From Node to Deno - aralroca
https://dev.to/aralroca/from-node-to-deno-5gpn
======
ljackman
It looks like a good evolutionary improvement over Node.js. However, I have a
concern about its security claims. Perhaps someone on the project can allay
these concerns.

My brief skimming of its site indicates that its security model is based
around the ability to disable, say, network access for whole Deno programs.
However, does it allow starting up with network access, allowing a subset of
the program to handle it, and then dropping those rights for the rest of the
program, _especially_ subdependencies?

I can't see any mention of a more fine-grained approach:
[https://deno.land/manual/getting_started/permissions](https://deno.land/manual/getting_started/permissions)

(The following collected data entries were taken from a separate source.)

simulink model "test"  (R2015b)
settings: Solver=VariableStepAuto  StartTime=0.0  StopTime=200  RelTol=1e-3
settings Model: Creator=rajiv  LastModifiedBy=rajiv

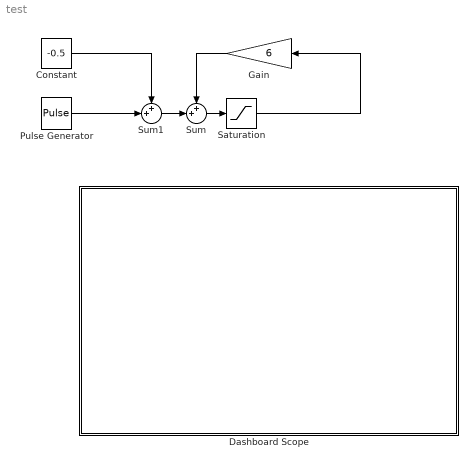
== system test ==
  Constant : Constant  Value=-0.5
  Dashboard Scope : Subsystem  DialogController=hmiCreateDDGDialog  IsWebBlock=on  mask(MWDashboardBlock){webBlockId=6df1c8a0-6efe-4b6a-a3ab-6f26fd3792df, webBlockType=sdiscope, ShowInitialText=on, HMISrcModelName=test}
      mask prompts: webBlockId "WebBlock Id"; webBlockType "WebBlock Type"; HMISrcModelName "Source Model"
      mask Help: helpview([docroot '/mapfiles/simulink.map'], 'hmi_scope')
      mask Display:
      | if strcmp(get_param(bdroot(gcb),'BlockDiagramType'), 'library')
      |     image([(matlabroot) '/toolbox/simulink/hmi/icons/DashboardScope.png']);
      | end
  Gain : Gain  Gain=6
  Pulse Generator : DiscretePulseGenerator  PulseType=Time based  Amplitude=.1  Period=100  PulseWidth=50
  Saturation : Saturate  UpperLimit=1  LowerLimit=-1
  Sum : Sum  Inputs=++|
  Sum1 : Sum  Inputs=++|
  wires:
  Saturation/1 -> Gain/1
  Gain/1 -> Sum/1
  Constant/1 -> Sum1/1
  Sum/1 -> Saturation/1
  Pulse Generator/1 -> Sum1/2
  Sum1/1 -> Sum/2

== system test/Dashboard Scope ==

A modern Node.js web service will have hundreds, if not thousands, of indirect
dependencies. Some network access will be required for at least the Express
routing, or an equivalent.

For a Deno equivalent, this would amount to enabling network access for all
hundreds of those subdependencies, not reproducing the isolation in
capability-based security such as WebAssembly nanoprocesses.

Have I missed something here? That doesn't seem like much of an improvement
over Node.js except for very small and contained programs. Yes, Deno's
dropping of centralised package repositories and package.json might alleviate
this problem _somewhat_, but the same fundamental issue seems to remain.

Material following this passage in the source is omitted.